Work instruction:
Using the records below, copy every line that holds the string "ThreePointArc".

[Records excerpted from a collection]
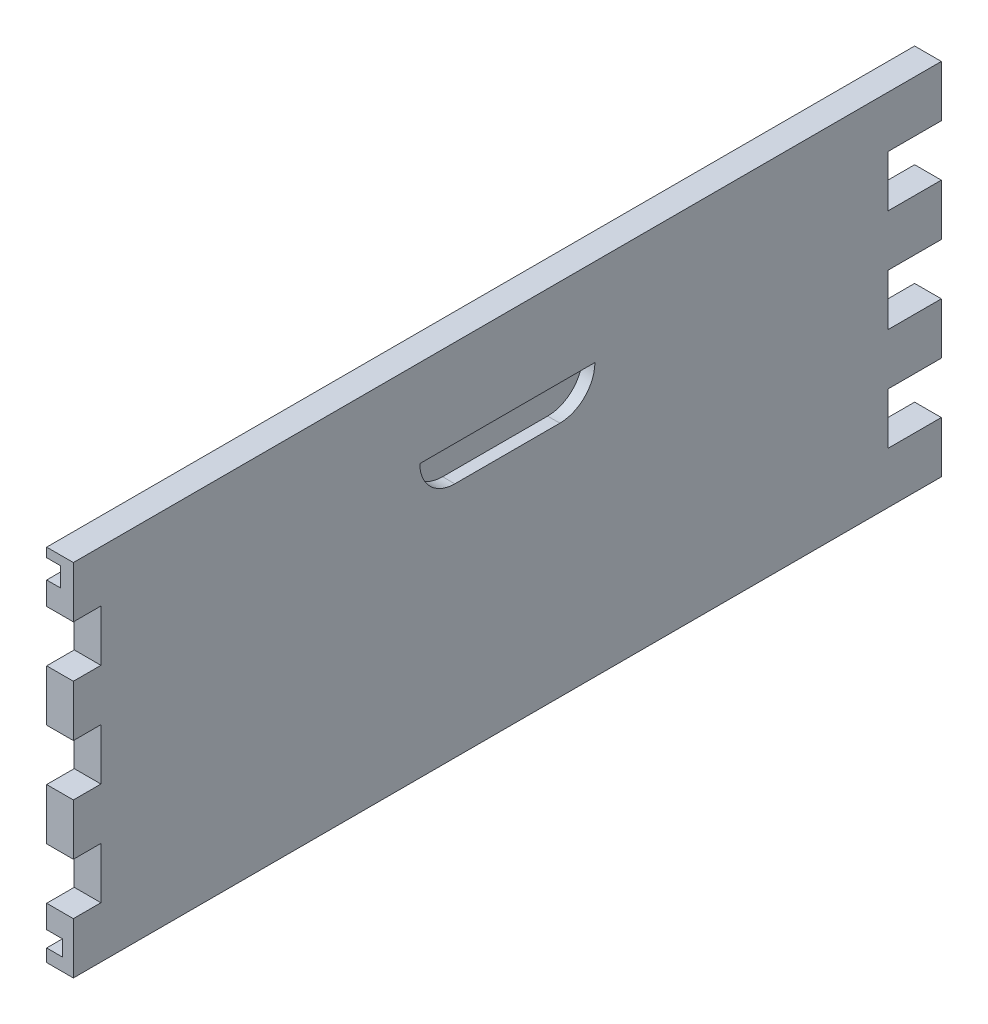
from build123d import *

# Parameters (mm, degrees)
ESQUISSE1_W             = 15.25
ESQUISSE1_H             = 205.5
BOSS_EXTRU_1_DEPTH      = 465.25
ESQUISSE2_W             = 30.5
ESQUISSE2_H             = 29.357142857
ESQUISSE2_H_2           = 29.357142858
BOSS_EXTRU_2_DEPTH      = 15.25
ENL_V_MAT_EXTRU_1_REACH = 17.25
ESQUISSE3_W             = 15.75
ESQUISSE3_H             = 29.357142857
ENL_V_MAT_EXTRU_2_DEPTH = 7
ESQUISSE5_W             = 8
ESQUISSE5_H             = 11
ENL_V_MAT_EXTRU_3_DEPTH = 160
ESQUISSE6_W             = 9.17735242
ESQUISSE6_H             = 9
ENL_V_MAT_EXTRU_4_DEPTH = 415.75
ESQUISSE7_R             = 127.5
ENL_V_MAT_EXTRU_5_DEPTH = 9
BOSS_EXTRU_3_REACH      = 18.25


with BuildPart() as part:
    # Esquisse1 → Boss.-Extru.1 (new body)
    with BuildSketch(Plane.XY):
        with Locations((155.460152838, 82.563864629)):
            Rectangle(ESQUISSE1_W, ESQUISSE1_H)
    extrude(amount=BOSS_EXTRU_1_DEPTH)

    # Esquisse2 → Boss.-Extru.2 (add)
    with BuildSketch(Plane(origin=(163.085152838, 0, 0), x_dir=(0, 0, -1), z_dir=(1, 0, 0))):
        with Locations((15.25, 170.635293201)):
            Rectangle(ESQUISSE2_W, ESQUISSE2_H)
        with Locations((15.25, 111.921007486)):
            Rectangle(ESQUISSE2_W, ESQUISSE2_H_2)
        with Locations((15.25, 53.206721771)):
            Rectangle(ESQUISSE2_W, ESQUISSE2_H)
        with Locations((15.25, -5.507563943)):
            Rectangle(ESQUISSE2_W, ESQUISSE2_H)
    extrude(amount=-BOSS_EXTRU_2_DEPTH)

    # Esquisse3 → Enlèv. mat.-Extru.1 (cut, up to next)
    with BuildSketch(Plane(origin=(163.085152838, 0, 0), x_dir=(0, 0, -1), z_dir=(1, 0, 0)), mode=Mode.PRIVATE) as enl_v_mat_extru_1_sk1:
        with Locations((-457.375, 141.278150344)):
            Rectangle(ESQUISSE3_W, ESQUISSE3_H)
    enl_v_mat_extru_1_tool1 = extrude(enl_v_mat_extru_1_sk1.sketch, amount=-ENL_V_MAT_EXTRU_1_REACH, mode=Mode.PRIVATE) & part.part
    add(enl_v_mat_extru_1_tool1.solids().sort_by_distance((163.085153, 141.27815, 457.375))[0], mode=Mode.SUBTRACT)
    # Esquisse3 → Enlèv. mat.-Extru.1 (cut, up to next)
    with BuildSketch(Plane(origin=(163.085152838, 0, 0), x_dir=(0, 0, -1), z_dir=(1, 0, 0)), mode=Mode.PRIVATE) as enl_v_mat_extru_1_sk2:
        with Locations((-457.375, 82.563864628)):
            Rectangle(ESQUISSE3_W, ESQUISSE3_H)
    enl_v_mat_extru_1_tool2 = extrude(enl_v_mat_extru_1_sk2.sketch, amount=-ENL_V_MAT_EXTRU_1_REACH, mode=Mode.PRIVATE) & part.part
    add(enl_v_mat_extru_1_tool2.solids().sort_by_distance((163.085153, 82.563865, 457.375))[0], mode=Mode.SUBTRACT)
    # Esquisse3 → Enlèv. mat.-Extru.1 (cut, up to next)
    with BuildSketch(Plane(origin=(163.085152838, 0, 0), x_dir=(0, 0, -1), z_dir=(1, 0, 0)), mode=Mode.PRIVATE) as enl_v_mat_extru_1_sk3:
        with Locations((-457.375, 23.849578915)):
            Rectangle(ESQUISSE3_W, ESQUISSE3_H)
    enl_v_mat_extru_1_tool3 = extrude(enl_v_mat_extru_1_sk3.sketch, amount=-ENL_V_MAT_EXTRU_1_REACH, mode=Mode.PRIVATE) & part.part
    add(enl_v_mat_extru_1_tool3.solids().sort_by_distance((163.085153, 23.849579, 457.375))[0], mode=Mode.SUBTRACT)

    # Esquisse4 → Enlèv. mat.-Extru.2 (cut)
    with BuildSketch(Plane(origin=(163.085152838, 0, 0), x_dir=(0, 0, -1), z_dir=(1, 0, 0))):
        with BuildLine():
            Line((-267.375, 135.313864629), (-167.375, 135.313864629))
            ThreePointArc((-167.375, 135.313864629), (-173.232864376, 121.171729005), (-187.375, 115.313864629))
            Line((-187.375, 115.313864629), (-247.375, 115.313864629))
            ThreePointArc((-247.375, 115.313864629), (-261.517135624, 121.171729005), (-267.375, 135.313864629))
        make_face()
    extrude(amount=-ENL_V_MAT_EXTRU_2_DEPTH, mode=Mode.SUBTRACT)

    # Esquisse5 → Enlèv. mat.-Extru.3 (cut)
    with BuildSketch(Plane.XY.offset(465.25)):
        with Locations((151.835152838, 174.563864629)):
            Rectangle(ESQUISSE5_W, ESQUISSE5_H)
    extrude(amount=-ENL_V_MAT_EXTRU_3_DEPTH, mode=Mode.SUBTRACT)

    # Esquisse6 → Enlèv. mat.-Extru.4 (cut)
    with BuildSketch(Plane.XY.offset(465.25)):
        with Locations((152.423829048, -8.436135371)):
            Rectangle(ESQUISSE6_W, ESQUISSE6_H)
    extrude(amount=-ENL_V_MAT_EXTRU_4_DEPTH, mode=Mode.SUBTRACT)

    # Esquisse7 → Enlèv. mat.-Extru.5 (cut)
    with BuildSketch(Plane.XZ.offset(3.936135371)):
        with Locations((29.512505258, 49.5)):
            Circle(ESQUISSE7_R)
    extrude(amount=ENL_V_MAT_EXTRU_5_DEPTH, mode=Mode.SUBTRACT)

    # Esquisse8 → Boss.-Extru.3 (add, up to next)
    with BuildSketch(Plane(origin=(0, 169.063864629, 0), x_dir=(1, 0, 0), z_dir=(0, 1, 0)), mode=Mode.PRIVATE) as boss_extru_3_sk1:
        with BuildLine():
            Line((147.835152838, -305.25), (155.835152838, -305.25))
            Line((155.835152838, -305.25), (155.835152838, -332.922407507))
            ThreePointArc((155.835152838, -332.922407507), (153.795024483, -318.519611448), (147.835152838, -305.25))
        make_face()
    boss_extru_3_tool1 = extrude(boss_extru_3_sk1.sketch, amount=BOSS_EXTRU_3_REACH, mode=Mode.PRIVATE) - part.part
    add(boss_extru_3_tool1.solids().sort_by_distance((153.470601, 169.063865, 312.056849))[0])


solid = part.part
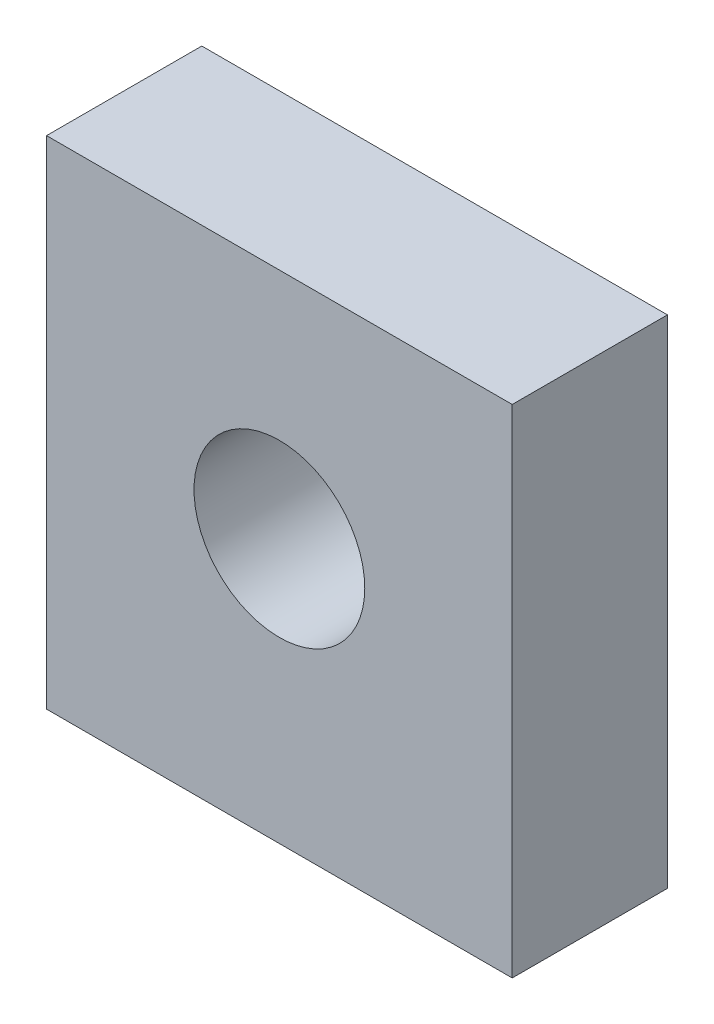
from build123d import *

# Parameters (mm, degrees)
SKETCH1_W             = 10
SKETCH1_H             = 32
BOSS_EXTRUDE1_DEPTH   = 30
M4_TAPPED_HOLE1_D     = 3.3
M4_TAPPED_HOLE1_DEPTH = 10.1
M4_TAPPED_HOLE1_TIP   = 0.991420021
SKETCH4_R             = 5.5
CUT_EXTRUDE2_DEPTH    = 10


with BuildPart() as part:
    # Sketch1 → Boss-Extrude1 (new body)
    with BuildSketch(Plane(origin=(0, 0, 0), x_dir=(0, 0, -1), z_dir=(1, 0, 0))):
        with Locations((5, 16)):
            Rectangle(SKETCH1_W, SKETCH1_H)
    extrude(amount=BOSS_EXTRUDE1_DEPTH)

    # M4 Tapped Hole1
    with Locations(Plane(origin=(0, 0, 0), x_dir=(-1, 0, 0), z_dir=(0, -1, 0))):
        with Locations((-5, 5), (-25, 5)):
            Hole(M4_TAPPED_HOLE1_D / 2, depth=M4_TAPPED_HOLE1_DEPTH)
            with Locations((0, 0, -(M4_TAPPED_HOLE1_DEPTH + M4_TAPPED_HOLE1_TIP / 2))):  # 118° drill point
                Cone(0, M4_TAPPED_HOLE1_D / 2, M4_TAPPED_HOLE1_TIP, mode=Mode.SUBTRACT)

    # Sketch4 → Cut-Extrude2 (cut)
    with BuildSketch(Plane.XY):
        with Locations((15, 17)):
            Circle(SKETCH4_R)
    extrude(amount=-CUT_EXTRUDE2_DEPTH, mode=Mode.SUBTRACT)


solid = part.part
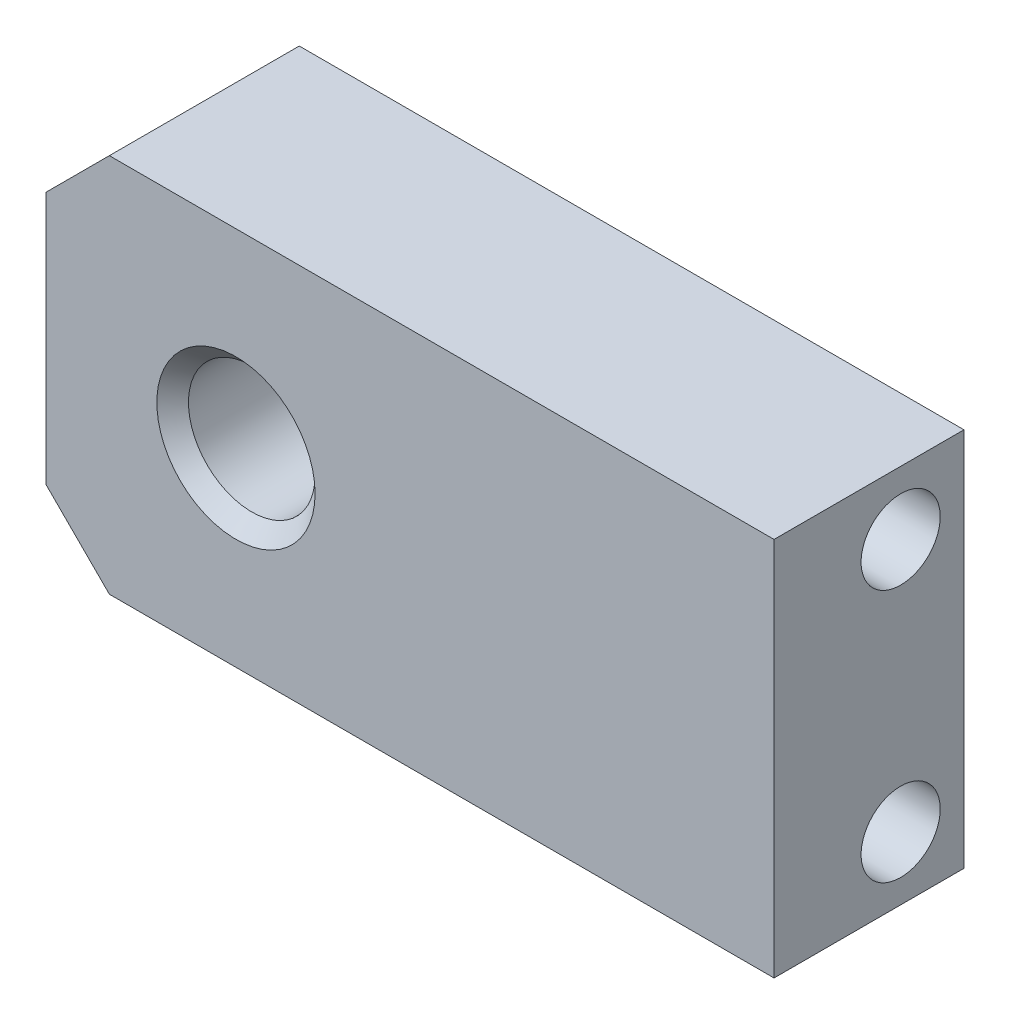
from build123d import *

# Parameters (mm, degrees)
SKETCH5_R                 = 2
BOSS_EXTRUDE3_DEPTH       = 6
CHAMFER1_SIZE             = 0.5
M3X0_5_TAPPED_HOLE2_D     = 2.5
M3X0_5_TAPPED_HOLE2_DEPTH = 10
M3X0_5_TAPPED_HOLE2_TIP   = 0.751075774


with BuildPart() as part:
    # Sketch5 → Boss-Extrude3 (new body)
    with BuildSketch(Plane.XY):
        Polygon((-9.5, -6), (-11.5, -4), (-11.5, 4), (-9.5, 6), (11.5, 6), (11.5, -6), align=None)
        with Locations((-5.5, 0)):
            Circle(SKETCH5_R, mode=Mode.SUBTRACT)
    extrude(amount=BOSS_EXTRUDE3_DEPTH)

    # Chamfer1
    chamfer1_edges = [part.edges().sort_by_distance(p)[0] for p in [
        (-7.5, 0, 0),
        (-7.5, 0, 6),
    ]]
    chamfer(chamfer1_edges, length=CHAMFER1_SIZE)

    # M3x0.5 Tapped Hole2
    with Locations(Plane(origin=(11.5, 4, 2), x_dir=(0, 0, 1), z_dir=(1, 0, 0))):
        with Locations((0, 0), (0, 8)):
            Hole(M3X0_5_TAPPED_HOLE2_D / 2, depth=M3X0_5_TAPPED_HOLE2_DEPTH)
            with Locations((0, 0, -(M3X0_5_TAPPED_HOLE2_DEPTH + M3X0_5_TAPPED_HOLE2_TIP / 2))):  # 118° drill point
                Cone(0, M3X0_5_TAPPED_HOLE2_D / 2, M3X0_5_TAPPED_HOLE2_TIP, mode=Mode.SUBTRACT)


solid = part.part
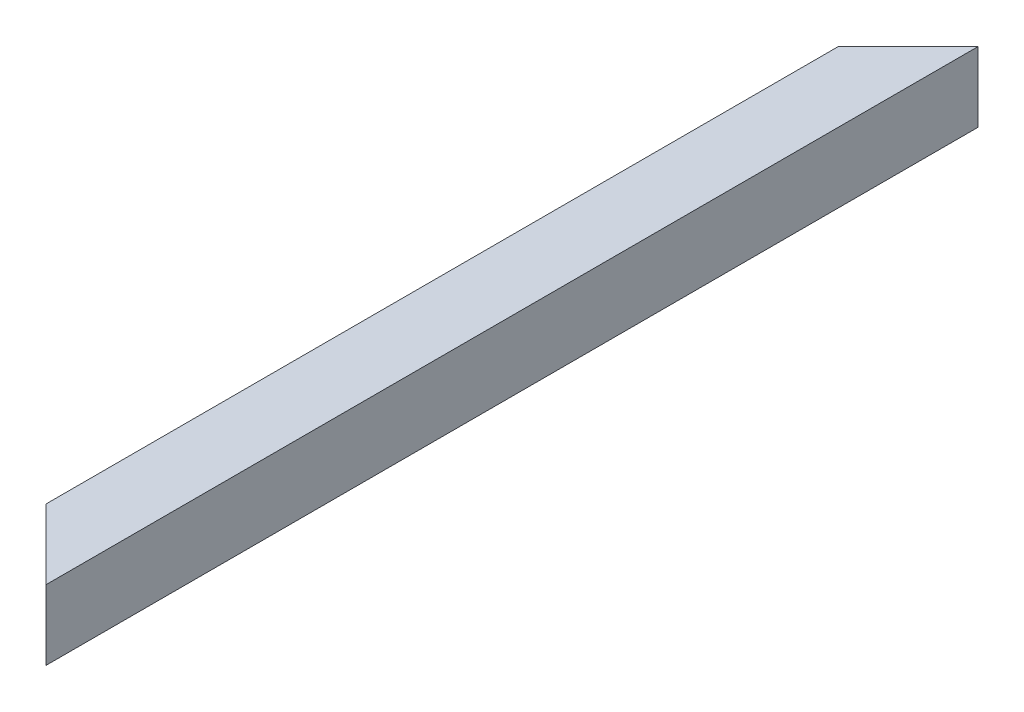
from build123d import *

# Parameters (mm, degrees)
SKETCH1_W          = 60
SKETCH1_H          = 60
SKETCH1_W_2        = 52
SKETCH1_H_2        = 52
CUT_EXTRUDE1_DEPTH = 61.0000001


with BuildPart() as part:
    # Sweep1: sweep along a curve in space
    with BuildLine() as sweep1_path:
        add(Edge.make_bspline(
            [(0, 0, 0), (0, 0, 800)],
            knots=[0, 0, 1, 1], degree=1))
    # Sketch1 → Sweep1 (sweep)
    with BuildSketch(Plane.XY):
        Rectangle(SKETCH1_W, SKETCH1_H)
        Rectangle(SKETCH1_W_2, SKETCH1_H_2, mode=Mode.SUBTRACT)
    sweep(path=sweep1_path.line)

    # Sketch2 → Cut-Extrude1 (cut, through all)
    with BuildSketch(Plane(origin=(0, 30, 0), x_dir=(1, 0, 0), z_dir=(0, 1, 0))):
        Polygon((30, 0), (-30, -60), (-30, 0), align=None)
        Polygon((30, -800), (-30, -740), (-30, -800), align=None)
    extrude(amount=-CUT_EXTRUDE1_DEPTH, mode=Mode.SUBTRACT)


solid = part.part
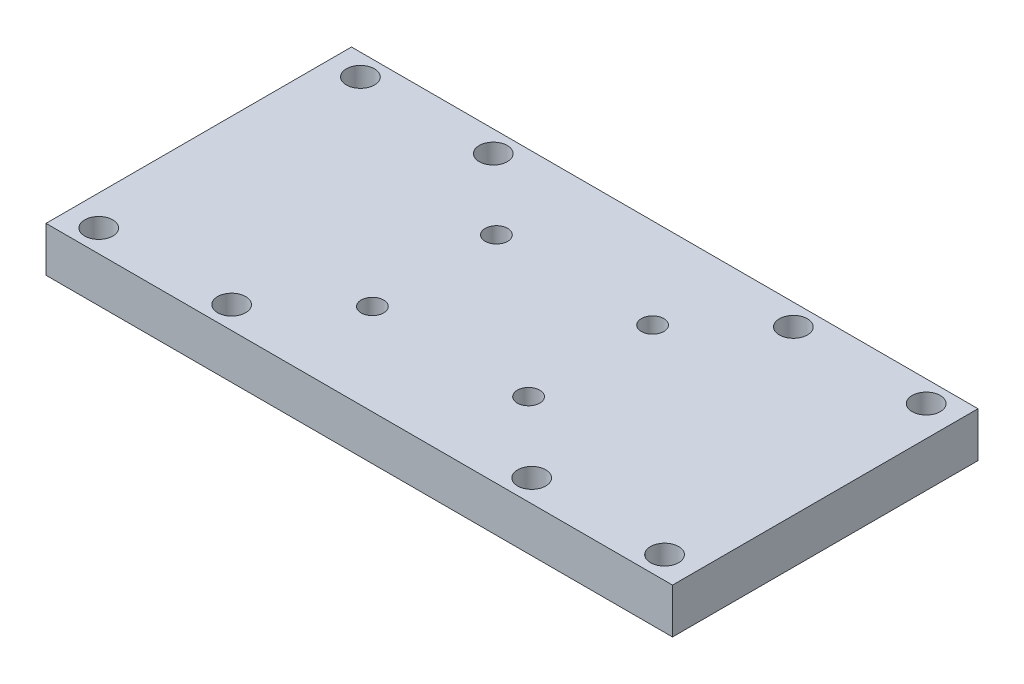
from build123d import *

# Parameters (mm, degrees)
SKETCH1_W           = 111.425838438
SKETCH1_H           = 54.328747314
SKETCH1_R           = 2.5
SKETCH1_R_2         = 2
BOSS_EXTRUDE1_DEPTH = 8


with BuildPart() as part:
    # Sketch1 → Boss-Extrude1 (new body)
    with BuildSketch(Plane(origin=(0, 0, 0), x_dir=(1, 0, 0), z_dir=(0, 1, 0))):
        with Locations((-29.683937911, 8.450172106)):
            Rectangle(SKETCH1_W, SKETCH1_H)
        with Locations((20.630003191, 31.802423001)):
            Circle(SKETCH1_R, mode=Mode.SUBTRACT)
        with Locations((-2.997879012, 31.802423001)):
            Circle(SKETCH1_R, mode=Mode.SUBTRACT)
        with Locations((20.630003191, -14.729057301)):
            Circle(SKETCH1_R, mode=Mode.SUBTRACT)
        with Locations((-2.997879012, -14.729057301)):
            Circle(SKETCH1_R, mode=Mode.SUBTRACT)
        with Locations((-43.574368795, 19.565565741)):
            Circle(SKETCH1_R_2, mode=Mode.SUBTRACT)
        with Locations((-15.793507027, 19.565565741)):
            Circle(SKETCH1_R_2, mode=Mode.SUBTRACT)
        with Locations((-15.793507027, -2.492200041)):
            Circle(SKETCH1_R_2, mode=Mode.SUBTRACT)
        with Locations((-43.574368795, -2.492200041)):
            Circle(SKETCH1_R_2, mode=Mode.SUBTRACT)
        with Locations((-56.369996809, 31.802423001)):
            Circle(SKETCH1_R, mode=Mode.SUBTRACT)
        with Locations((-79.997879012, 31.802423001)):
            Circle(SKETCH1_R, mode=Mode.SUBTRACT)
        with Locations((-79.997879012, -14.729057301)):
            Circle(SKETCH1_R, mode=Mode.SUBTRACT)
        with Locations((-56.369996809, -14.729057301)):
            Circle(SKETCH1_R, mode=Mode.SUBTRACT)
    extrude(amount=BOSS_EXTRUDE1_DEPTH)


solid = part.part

Exercise answer:
            ThreePointArc((-167.375, 135.313864629), (-173.232864376, 121.171729005), (-187.375, 115.313864629))
            ThreePointArc((-247.375, 115.313864629), (-261.517135624, 121.171729005), (-267.375, 135.313864629))
            ThreePointArc((155.835152838, -332.922407507), (153.795024483, -318.519611448), (147.835152838, -305.25))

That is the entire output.